Option costs were basically flat sequentially for the second quarter at 154 basis points at American Equity Life only, and at 162 basis points for American Equity Life and Eagle Life combined. Reflecting the decline in equity market volatility and actions we took in June to reduce participation rates on $4.3 billion of policyholder funds and S&P 500 annual point-to-point and monthly average strategies, the cost of options at American Equity Life has dropped from a high of 173 basis points for the hedge week ended March 24 to a current level of 136 basis points.

Over the same time period, the cost of options for American Equity Life and Eagle Life combined fell from 190 basis points to 140 basis points. Should the yields available to us decrease or the cost of money rise, we continue to have flexibility to reduce our rates, if necessary, and could decrease our cost of money by roughly 65 basis points if we reduce current rates to guaranteed minimums. This is up from the 63 basis points we cited on our first quarter call. The liability for lifetime income benefit riders increased $95 million, $26 million above the first quarter level. Relative to the first quarter, reserve accretion was negatively affected by the relatively low level of index credits, renewal rate management activity and somewhat higher lifetime income benefit rider utilization, reflecting the original quarterly sales patterns in certain cohorts.

For the third quarter, assuming current equity market levels, we expect an increase in the liability for lifetime income benefit riders in the $80 million to $100 million range. Deferred acquisition costs and deferred sales inducement amortization decreased by $9 million sequentially, reflecting the decrease in adjusted gross profits and the renewal rate management activity and lifetime income benefit rider utilization cited above, offset, in part, by the effect of the low level of index credits.

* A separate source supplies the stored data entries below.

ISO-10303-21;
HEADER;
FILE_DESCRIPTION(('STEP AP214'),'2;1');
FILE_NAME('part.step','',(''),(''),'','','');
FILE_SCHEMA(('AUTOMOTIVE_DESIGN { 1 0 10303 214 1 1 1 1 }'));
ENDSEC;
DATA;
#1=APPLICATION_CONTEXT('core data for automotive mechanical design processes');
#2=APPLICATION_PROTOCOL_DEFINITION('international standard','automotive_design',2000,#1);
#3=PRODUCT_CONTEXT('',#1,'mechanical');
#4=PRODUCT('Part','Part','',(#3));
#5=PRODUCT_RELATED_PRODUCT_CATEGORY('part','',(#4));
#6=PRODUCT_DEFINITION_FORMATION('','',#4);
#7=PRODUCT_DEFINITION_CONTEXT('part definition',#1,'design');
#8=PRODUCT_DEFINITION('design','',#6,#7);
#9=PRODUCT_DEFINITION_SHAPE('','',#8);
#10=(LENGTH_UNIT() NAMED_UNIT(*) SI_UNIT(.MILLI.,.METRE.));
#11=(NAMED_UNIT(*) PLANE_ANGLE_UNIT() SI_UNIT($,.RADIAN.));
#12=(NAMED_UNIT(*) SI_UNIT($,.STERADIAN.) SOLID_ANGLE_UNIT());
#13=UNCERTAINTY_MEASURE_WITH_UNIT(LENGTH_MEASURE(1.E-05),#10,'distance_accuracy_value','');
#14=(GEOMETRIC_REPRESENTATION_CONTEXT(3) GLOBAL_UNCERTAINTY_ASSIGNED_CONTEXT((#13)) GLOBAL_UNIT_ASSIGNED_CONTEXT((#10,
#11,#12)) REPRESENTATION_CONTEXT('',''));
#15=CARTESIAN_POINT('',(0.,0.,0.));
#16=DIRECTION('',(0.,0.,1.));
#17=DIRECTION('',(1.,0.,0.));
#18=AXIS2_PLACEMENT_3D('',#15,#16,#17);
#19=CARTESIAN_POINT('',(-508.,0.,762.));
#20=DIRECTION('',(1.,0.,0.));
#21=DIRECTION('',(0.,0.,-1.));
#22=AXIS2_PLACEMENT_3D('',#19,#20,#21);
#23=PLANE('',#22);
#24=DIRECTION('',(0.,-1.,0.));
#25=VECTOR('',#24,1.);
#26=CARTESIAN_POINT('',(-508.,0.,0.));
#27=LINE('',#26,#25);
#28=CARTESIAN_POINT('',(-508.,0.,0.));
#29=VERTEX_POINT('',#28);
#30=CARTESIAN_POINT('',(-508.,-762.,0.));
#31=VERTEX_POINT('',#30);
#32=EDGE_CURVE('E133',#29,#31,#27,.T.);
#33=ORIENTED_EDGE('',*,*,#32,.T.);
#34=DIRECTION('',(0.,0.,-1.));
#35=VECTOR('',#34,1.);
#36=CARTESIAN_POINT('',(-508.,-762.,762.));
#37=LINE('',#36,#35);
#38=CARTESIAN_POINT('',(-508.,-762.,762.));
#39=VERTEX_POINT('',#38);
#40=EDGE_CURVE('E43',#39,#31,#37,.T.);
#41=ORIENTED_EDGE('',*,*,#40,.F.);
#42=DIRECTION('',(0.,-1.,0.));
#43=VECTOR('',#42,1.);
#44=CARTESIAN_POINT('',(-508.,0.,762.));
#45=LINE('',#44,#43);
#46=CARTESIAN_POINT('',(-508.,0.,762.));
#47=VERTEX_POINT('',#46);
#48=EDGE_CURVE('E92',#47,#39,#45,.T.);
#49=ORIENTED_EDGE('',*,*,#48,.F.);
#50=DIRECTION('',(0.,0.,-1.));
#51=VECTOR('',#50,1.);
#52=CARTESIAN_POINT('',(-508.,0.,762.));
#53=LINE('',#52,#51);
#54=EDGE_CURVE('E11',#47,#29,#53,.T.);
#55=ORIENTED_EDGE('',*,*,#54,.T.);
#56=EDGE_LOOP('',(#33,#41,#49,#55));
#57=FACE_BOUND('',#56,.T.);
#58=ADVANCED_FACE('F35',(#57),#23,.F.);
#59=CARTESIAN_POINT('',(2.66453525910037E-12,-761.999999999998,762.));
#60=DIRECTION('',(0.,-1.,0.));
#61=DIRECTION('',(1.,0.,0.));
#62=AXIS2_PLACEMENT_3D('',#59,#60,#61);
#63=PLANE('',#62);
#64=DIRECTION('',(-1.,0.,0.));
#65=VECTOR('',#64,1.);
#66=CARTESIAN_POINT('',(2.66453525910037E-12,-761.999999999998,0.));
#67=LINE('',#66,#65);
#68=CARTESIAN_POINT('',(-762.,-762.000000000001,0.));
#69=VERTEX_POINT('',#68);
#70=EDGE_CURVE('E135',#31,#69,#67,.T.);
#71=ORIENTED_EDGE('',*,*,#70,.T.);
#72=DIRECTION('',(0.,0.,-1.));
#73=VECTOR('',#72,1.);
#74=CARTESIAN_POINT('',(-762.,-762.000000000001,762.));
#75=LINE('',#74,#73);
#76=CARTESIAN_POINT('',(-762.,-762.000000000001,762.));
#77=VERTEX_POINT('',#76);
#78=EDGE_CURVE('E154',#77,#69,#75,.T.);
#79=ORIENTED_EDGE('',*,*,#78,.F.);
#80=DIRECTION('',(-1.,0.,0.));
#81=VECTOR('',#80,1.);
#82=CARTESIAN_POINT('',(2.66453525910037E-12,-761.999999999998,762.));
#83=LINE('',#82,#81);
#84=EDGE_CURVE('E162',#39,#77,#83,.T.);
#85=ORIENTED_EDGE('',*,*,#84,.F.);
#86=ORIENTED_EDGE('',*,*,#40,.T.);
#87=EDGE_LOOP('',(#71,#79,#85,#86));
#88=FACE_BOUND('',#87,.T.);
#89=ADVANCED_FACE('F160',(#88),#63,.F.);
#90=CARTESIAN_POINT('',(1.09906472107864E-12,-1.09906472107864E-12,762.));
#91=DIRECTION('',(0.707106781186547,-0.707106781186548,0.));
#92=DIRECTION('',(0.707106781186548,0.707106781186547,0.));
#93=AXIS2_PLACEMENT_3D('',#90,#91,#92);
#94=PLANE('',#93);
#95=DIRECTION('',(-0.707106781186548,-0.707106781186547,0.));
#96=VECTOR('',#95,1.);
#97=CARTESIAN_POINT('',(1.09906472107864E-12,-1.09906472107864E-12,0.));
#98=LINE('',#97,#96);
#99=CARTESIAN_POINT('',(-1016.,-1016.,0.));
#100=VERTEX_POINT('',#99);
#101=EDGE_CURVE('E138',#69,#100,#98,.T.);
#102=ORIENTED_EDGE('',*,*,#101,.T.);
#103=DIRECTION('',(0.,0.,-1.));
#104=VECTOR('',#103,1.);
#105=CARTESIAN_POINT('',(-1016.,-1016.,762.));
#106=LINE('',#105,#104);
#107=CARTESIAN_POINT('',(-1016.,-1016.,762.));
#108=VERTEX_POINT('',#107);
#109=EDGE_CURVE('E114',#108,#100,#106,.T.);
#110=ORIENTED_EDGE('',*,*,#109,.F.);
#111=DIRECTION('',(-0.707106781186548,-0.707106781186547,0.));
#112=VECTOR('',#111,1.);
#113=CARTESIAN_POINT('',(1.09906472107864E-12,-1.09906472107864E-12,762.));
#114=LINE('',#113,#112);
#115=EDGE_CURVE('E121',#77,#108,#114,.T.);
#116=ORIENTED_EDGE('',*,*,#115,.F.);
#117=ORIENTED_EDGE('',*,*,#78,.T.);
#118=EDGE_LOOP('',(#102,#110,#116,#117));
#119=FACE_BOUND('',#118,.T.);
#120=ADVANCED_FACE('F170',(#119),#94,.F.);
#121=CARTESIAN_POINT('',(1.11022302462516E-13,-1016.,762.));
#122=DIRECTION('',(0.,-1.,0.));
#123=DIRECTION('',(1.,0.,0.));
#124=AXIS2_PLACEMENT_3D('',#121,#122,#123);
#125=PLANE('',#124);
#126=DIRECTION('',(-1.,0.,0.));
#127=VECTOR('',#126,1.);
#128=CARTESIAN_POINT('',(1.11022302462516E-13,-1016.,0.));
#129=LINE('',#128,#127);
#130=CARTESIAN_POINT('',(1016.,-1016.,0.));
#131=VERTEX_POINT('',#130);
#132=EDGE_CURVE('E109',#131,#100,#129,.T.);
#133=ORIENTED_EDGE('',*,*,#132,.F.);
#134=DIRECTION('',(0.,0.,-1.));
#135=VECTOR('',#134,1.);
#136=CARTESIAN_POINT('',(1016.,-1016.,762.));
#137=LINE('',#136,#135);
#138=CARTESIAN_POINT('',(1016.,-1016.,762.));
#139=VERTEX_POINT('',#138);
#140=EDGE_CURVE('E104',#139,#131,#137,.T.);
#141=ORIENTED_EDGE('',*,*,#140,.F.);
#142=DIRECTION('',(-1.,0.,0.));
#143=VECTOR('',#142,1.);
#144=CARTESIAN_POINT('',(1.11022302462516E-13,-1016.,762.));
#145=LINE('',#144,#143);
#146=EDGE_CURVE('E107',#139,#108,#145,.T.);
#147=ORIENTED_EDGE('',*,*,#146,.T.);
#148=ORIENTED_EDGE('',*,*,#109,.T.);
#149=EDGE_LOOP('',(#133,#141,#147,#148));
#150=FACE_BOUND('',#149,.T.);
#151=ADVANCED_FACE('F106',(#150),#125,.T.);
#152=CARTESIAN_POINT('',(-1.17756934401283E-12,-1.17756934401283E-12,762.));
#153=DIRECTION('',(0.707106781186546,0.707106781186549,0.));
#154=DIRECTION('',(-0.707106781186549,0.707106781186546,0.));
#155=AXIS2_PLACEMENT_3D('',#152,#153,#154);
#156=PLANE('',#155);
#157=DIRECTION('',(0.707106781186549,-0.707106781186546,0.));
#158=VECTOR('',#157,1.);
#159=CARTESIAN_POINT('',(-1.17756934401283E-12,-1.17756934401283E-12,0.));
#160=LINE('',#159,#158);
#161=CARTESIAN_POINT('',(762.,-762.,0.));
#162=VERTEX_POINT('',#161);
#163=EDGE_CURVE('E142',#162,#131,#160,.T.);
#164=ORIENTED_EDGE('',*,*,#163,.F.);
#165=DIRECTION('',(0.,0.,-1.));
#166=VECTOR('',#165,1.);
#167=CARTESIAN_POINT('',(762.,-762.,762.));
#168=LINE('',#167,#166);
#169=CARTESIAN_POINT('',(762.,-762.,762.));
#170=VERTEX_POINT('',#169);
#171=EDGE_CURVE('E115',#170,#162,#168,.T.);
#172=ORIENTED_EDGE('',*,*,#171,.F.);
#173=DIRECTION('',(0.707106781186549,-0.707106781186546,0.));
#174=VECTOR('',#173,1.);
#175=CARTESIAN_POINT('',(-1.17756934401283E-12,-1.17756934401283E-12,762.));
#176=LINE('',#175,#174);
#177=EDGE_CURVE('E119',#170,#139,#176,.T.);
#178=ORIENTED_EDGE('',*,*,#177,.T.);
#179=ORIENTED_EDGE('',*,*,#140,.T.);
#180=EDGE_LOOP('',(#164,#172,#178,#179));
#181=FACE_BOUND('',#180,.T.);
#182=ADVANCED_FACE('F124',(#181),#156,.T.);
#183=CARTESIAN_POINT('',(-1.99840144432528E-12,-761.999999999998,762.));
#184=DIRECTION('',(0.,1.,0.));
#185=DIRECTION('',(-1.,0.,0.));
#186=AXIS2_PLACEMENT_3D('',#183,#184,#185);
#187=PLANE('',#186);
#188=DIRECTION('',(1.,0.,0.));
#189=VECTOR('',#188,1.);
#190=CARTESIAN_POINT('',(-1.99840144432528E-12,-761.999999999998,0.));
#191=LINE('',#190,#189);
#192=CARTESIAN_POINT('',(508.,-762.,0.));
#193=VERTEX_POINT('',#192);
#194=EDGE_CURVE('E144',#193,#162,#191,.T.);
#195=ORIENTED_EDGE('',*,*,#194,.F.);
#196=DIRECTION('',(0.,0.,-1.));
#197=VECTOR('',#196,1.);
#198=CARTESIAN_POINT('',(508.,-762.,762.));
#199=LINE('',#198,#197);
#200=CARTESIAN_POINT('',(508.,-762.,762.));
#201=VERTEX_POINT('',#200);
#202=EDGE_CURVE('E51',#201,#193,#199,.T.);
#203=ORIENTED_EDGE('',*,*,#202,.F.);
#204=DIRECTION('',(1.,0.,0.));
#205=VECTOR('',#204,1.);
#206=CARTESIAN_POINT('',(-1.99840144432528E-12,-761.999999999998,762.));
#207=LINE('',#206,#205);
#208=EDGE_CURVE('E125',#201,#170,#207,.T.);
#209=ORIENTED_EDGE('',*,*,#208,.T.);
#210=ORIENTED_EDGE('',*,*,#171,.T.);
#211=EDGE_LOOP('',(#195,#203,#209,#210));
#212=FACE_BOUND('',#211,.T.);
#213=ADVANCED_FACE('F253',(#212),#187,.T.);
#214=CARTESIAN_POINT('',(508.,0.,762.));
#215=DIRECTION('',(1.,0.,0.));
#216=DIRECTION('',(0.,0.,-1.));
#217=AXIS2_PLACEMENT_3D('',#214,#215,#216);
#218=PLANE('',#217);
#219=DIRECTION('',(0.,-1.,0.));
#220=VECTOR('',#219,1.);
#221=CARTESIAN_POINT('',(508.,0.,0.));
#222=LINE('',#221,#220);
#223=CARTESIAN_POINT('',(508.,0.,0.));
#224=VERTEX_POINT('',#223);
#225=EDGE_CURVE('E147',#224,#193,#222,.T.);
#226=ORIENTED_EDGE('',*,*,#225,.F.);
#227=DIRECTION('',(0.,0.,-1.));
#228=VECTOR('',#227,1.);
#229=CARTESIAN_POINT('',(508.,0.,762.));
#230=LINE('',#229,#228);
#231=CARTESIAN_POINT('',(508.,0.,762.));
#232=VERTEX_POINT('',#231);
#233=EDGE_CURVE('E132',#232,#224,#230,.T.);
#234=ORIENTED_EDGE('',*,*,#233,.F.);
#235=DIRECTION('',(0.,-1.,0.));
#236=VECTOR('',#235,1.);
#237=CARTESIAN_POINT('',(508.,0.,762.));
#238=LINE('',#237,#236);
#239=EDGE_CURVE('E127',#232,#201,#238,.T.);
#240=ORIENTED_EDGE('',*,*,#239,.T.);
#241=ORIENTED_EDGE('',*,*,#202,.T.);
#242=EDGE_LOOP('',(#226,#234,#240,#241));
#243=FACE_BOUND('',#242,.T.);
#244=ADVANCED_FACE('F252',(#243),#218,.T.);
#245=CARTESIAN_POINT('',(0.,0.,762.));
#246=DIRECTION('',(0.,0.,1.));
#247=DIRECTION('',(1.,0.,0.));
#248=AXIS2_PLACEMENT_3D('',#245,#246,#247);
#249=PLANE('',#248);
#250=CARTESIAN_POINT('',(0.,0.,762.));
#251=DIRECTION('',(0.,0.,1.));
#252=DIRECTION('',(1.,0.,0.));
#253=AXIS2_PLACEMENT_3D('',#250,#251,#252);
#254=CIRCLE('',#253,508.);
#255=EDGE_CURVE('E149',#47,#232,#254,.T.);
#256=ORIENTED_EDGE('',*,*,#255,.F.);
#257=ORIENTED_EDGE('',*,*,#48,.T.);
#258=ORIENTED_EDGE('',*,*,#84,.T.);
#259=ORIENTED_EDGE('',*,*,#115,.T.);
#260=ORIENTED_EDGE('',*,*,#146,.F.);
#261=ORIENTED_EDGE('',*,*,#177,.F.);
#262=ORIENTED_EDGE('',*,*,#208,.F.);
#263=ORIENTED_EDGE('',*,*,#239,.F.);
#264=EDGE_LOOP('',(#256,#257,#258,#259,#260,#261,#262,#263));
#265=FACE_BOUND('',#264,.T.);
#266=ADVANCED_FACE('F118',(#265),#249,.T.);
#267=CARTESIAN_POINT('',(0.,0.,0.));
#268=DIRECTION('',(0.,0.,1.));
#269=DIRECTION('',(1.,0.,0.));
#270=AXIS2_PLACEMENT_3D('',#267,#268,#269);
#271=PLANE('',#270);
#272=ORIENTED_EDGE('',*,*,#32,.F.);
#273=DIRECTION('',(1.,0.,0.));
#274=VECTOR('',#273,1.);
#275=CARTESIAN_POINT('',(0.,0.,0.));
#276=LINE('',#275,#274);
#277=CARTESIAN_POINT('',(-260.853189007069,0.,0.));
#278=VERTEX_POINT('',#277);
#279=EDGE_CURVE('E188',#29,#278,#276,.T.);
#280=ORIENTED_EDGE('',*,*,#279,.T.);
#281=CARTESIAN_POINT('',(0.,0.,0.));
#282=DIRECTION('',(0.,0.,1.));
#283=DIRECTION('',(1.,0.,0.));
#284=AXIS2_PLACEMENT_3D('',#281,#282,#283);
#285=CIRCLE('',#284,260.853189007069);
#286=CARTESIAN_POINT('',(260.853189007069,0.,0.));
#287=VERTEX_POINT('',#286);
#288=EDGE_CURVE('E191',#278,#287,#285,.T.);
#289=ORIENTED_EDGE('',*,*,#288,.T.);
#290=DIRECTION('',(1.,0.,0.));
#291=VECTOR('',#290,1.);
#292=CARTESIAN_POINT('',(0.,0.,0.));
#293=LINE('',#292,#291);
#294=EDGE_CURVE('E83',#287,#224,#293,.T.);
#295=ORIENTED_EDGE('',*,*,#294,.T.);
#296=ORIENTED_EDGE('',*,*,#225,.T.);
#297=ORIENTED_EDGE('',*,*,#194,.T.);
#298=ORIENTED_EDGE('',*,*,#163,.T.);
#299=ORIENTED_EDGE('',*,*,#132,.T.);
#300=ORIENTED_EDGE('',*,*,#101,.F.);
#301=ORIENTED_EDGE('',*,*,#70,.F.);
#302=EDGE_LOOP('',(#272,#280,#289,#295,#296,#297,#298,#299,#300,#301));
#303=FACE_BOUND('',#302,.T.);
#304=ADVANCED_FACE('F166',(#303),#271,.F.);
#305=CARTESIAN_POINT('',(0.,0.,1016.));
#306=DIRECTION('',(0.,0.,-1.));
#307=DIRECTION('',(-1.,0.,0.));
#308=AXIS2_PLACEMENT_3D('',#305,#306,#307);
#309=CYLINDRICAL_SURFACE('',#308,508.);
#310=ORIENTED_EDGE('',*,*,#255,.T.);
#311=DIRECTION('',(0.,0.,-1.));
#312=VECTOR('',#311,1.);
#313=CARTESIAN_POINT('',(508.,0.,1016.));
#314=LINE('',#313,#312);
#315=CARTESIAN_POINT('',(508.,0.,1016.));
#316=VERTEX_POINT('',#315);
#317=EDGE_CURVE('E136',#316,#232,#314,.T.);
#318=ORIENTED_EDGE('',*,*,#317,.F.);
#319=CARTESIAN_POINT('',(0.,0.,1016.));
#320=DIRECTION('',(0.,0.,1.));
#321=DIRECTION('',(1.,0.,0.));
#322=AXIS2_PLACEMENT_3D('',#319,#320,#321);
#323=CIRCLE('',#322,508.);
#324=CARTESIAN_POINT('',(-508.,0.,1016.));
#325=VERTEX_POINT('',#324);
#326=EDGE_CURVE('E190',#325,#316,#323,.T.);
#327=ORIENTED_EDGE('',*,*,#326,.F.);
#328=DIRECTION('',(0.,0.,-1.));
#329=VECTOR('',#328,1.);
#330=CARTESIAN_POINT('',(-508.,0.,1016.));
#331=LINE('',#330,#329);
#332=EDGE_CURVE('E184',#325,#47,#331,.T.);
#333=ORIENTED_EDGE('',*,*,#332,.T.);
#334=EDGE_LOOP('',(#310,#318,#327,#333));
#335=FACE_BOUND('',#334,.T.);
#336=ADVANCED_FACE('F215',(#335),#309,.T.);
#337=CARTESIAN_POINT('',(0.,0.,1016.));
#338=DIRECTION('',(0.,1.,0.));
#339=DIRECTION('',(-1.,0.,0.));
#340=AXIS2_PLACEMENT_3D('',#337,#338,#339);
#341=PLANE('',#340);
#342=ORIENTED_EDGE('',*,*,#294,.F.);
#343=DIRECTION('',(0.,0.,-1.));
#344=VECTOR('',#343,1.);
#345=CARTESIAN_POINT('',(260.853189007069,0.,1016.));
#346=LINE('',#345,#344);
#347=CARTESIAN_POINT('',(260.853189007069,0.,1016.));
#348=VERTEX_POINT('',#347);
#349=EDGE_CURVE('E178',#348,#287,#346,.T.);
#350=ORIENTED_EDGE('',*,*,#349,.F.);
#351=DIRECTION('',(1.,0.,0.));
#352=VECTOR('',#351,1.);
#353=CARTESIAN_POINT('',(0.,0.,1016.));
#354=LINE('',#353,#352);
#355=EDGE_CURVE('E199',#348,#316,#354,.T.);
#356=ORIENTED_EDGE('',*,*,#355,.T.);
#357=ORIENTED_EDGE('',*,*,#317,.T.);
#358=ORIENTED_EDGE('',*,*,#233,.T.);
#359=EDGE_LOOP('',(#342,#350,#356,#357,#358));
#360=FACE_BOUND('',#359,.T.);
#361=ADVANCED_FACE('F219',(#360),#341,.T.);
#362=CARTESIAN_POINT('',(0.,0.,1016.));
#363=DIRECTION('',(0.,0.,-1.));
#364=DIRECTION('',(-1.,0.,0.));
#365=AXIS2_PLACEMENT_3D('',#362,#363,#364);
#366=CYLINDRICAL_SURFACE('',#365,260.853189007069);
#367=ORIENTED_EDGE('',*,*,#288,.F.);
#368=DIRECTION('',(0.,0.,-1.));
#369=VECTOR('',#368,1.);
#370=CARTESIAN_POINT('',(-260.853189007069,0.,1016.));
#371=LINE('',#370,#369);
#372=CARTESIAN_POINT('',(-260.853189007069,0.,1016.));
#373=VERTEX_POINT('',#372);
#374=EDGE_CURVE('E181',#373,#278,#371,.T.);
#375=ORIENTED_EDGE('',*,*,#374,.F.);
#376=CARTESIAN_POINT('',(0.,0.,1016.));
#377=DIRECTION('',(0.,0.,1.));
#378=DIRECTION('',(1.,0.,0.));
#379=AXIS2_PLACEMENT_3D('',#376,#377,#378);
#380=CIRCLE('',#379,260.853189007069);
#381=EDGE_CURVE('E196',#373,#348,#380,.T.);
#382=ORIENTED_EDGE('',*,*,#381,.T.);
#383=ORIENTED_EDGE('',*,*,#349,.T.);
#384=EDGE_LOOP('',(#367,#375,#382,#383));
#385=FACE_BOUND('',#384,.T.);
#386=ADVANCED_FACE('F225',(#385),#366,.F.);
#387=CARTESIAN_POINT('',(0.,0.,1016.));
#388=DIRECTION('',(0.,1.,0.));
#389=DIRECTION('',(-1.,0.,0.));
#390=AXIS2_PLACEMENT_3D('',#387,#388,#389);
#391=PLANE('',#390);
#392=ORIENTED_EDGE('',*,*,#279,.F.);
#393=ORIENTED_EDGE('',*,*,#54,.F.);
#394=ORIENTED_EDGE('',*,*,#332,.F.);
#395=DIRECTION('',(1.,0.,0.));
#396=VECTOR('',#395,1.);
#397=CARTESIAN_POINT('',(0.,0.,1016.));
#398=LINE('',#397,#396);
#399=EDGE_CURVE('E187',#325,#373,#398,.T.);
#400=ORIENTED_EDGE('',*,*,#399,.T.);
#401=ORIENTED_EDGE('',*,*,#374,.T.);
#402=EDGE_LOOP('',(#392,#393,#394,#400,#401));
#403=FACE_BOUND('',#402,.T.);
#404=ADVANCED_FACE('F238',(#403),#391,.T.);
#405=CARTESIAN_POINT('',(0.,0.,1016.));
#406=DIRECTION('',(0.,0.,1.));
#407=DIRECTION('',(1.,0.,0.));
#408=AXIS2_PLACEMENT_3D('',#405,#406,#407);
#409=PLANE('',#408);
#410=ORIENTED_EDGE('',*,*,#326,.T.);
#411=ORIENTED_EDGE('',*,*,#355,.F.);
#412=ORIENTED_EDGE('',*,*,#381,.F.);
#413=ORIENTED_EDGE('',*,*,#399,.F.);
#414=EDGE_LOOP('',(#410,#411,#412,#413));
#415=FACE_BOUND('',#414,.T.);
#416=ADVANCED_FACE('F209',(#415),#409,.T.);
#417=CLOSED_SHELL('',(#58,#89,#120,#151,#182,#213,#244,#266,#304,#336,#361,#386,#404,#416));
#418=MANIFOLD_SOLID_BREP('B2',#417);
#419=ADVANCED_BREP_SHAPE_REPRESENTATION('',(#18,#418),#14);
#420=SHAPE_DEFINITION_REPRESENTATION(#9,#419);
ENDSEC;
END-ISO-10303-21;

For the third quarter, assuming current equity market levels, we expect combined deferred acquisition costs and deferred sales inducement amortization in the range of $90 million to $110 million.

Operating expenses declined from the first quarter by $1.7 million, primarily reflecting lower sales promotion activity.

Now I'll turn the call over to Jeff to discuss our investment portfolio.

J
Jeffrey Lorenzen
executive

Thank you, Ted. Good morning, everybody. I'll be referencing Pages 31 through 36 of the Financial & Business Facts Overview Slide deck available on our Investor Relations website at www.american-equity.com.

Generally speaking, we were happy with investment portfolio performance during the quarter, which was well within expected tolerances. Before starting my overview of the investment portfolio, I'll comment on the $27.6 million of credit losses in the quarter and the $10 million mark-to-market loss from investment partnerships. Roughly $18.3 million of credit losses came from write-downs of domestic oil drillers. The remaining $9.3 million reflect a smattering of write-downs primarily on RMBS and CMBS. Mark-to-market investment partnership losses came from partnership investments in energy, rail, car, aircraft and hotels. Current value of our investment partnership holdings is $82 million.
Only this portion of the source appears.